3. Philosophical predecessors and contemporaries: Locke, Voltaire, Diderot,
Mandeville, Hume, Smith, etc... were all important.
Hobbes is perhaps the most important philosopher to have in the
background. Hobbes's account of the emergence of man from the state of nature
provides an important contrast to Rousseau's. Briefly, Hobbes's account was the
following.
Man was initially solitary and motivated by three basic passions: greed, fear,
and pride. Because goods were scarce, and people were always in danger of
having their livelihood stolen and their lives taken away by others, people
were in a constant state of war with each other. Hobbes calls this "the
war of all against all." Even if people were not actually fighting at some
particular time, everyone was always wary of others and looking for an
opportunity to get the better of them. As Hobbes describes it, life in the
state of nature was "solitary, poor, nasty, brutish, and short."

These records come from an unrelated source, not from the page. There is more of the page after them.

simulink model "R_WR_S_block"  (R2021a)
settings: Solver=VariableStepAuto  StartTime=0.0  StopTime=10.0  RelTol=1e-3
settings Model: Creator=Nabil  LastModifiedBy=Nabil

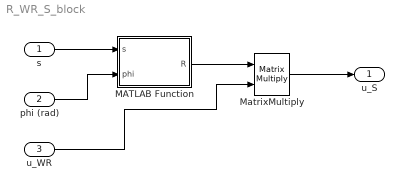
== system R_WR_S_block ==
  s : Inport
  phi (rad) : Inport  Port=2
  u_WR : Inport  Port=3  PortDimensions=3
  MATLAB Function : MATLAB Function  TreatAsAtomicUnit=on
  MatrixMultiply : Product  Multiplication=Matrix(*)
  u_S : Outport
  wires:
  u_WR/1 -> MatrixMultiply/2
  MatrixMultiply/1 -> u_S/1
  s/1 -> MATLAB Function/1(s)
  phi (rad)/1 -> MATLAB Function/2(phi)
  MATLAB Function/1(R) -> MatrixMultiply/1

== matlab function R_WR_S_block/MATLAB Function ==
  data: s input; R output; phi input
function R = fcn(s, phi)

R = R_WR_S(s, phi);

Human beings, realizing that their best chance for survival depended on ending
the war of all against all, band together and submit to a soveriegn.
They turn over absolute power to that sovereign, who rules over all of them,
using the strength of his subjects to subdue any who would threaten them. Thus,
with the loss of their liberty, the slaves of the king at least have peace.
And, to complete this and introduce you to yet another genealogy, Hobbes claims
that morality is just the will of the sovereign. Moral right and wrong are
embodied in the laws of the land, which all must submit to because they turned
over all their rights to the sovereign who wrote the laws.
There's a lot more to the story, but that's the basic idea.
Others (Grotius, Pufendorf) accepted Hobbes's
basic model (Grotius may have been the model for Hobbes) but insisted that man
is not purely selfish but rather has a basic instinct for social life itself.
You can see Rousseau responding to both the egoism of Hobbes (in his stuff on
pity) and the social nature ascribed to man by Pufendorf.
And he responds to both at once in his suggestions that man is not proud,
fearful of others, or rational in the SN.